• **Problem to solve**
Find all the lines in the entries below that hold the word "also" and copy them.

• **Supplied records**
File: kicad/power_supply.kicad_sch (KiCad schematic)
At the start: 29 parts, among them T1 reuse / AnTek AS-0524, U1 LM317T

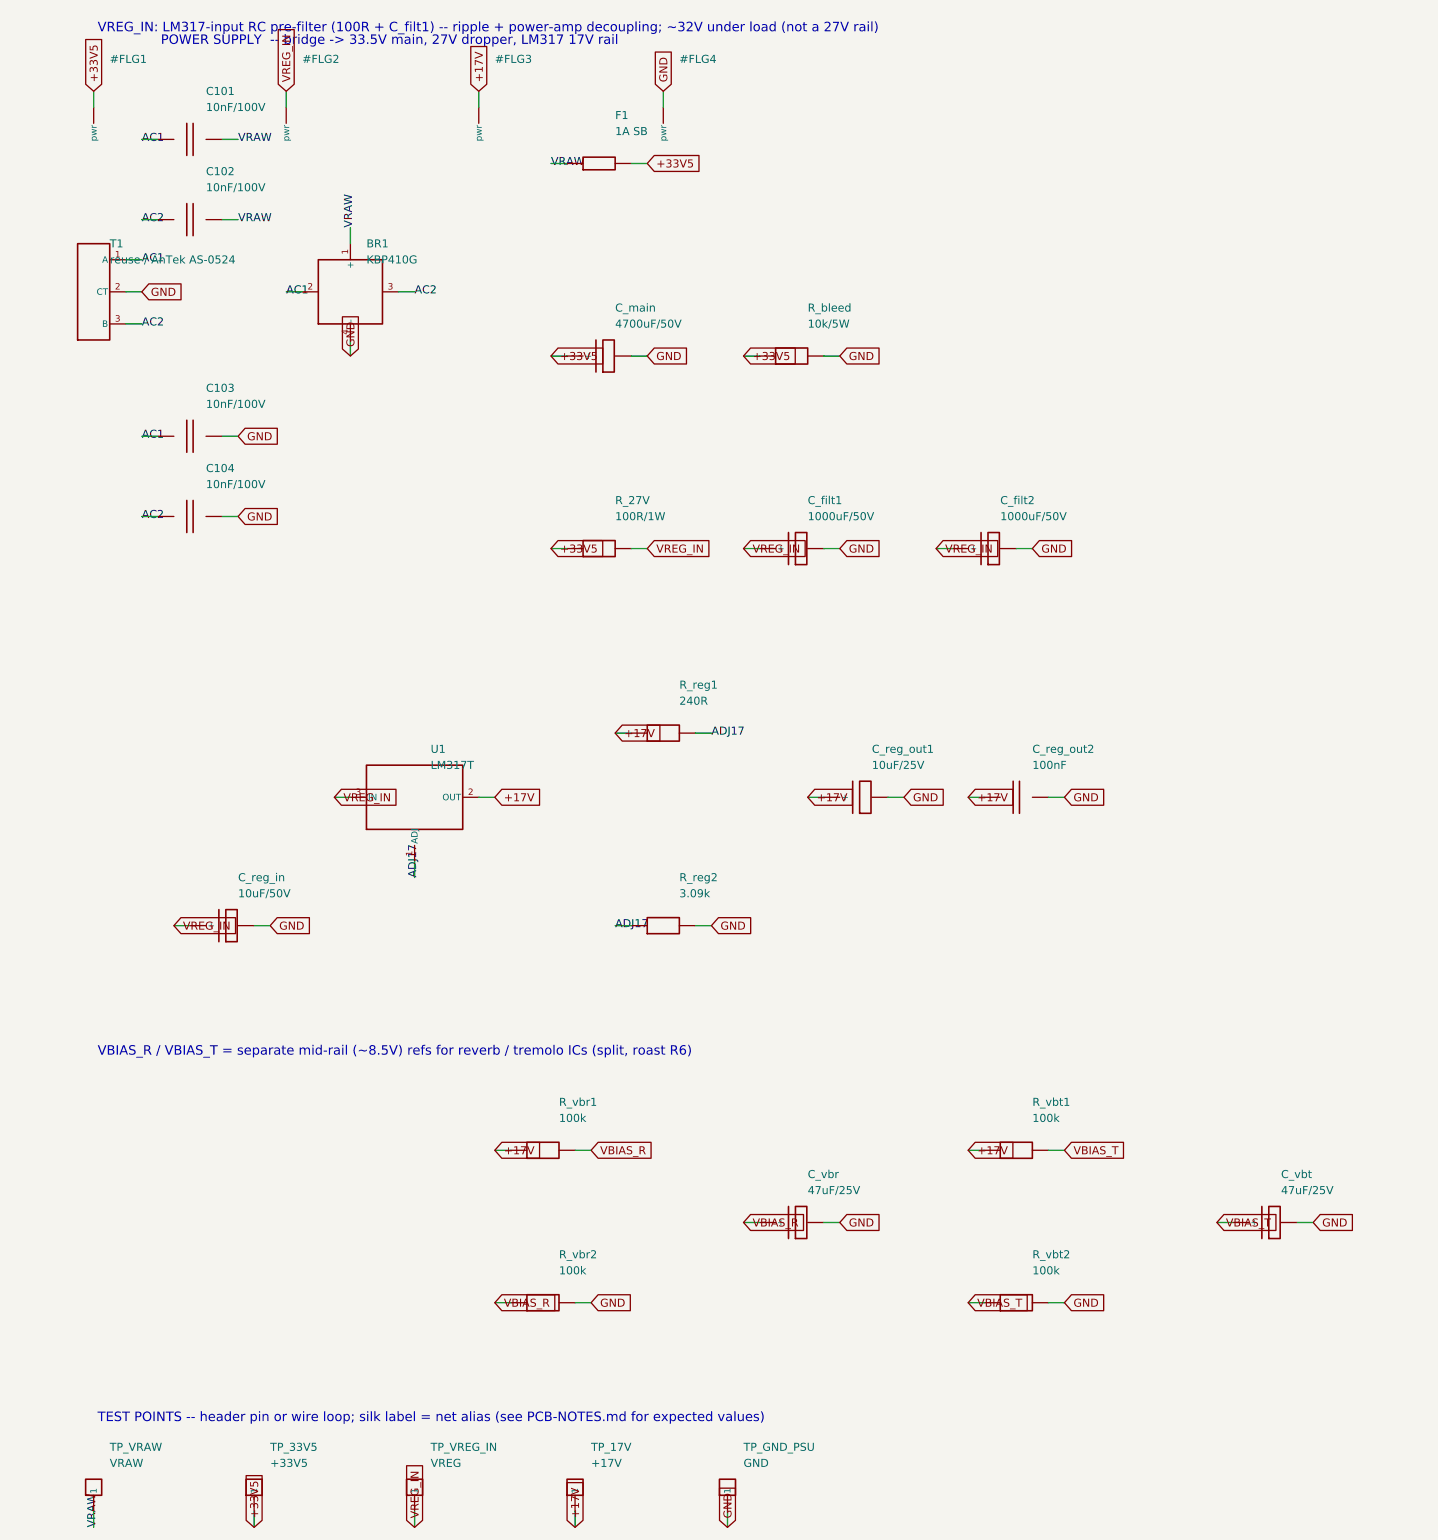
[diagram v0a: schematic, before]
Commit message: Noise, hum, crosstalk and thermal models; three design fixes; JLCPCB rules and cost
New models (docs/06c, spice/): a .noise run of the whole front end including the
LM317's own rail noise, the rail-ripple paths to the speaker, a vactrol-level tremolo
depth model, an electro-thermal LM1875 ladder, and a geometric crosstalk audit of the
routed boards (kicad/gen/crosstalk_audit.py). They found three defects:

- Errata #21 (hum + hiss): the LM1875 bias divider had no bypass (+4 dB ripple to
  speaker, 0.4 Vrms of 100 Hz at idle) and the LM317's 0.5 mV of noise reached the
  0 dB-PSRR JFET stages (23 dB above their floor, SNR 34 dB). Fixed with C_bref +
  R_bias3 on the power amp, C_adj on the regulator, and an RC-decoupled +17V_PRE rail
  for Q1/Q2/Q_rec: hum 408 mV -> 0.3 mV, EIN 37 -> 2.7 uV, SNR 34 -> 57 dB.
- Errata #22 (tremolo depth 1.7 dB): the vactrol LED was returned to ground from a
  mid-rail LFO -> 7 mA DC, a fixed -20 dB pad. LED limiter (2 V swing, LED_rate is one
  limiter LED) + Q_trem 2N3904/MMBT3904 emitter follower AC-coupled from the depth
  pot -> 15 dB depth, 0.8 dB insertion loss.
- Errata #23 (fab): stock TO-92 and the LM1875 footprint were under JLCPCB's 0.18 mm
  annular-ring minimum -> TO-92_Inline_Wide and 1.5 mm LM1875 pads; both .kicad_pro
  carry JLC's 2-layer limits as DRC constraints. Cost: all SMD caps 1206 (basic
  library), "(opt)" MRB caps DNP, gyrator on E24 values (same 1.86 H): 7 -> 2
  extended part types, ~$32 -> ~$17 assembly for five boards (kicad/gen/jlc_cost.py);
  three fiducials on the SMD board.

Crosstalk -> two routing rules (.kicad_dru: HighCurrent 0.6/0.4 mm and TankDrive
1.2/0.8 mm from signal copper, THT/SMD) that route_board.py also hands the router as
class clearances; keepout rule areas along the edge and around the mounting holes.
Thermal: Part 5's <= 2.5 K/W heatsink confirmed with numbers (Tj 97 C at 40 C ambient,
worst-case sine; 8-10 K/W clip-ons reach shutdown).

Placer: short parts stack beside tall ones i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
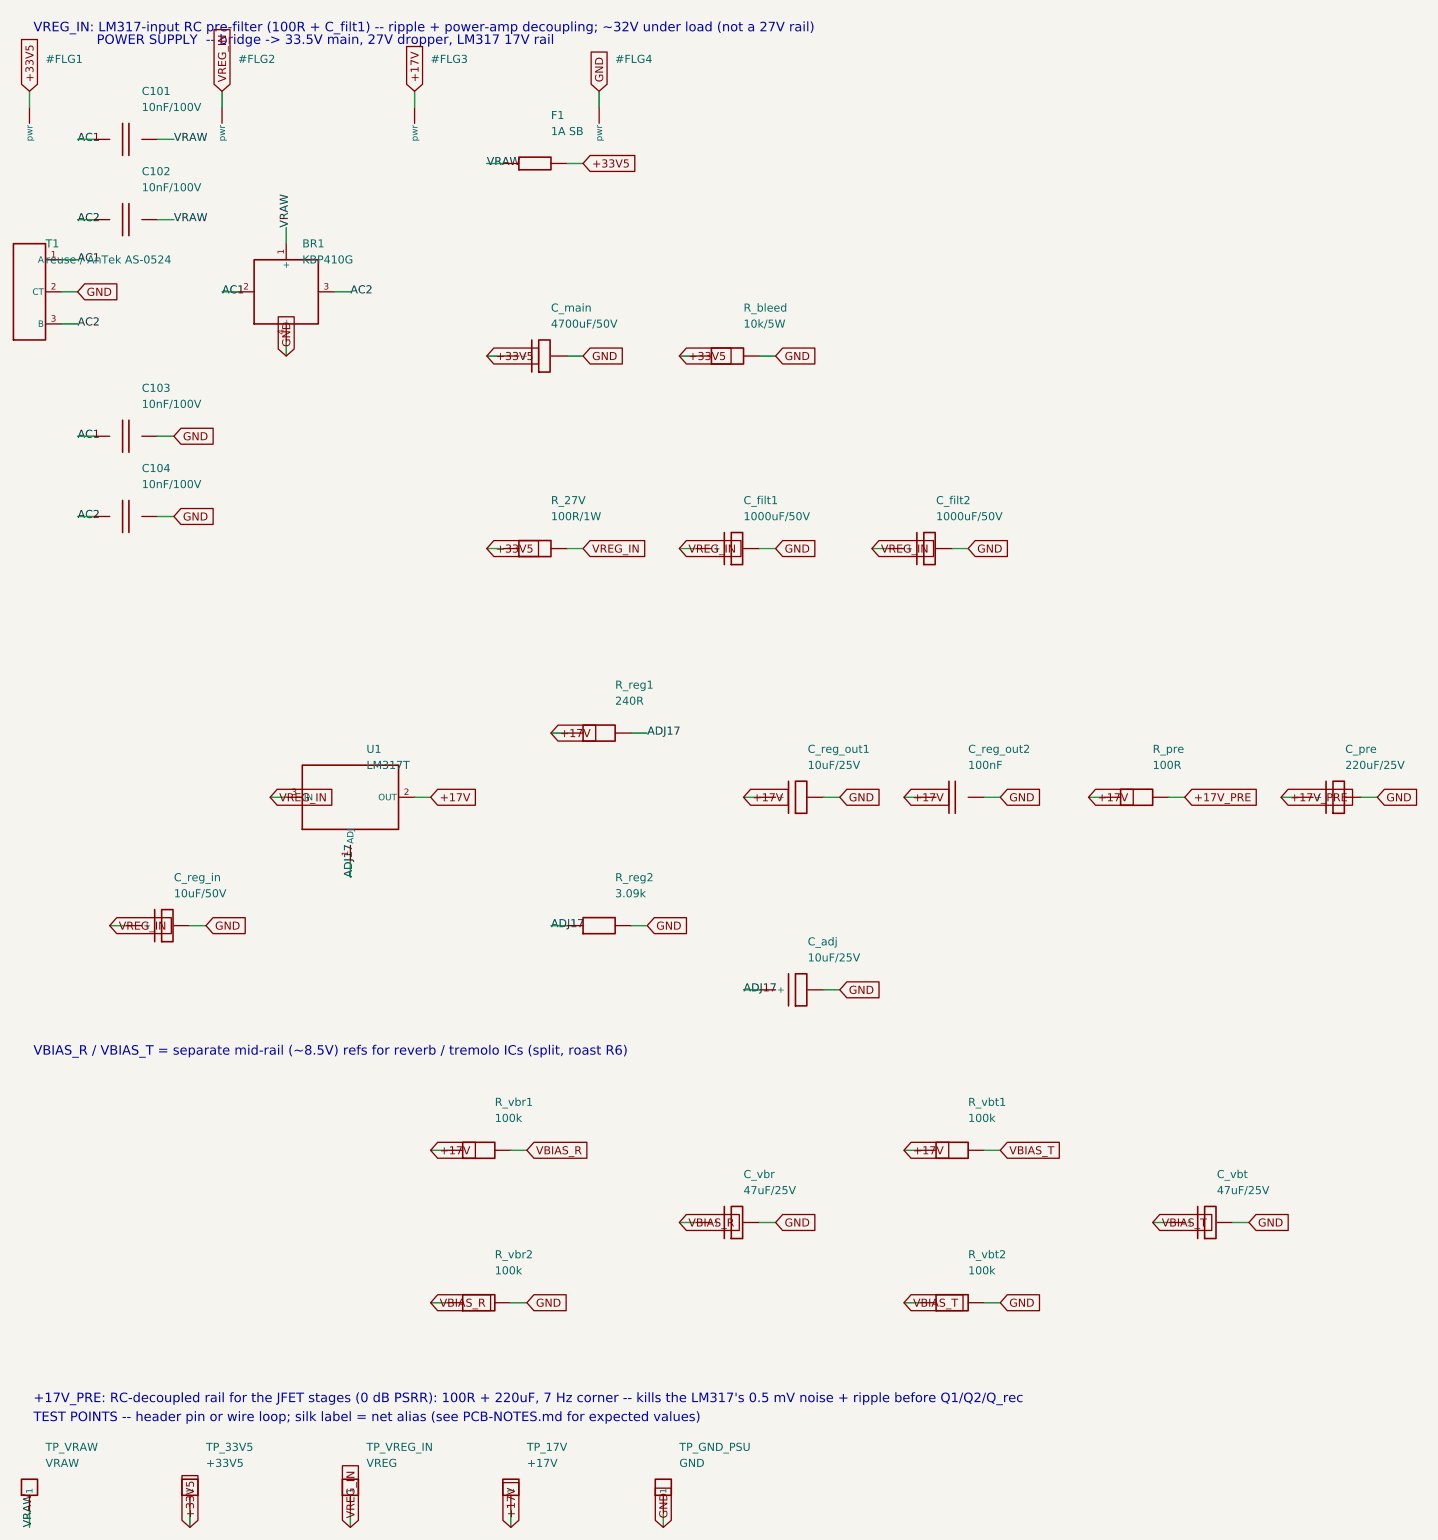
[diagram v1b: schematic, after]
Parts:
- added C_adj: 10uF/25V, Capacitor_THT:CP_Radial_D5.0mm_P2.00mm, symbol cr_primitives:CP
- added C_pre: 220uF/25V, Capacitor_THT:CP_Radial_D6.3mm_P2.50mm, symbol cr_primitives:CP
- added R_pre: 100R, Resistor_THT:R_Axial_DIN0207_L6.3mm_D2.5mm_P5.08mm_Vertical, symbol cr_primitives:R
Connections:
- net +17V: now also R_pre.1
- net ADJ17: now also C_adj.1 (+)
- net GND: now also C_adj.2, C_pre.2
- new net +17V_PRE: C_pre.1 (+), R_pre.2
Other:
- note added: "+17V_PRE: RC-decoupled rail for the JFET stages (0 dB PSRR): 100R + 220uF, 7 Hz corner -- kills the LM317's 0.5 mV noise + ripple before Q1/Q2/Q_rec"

• **Result of the exercise**
1.2/0.8 mm from signal copper, THT/SMD) that route_board.py also hands the router as
- net +17V: now also R_pre.1
- net ADJ17: now also C_adj.1 (+)
- net GND: now also C_adj.2, C_pre.2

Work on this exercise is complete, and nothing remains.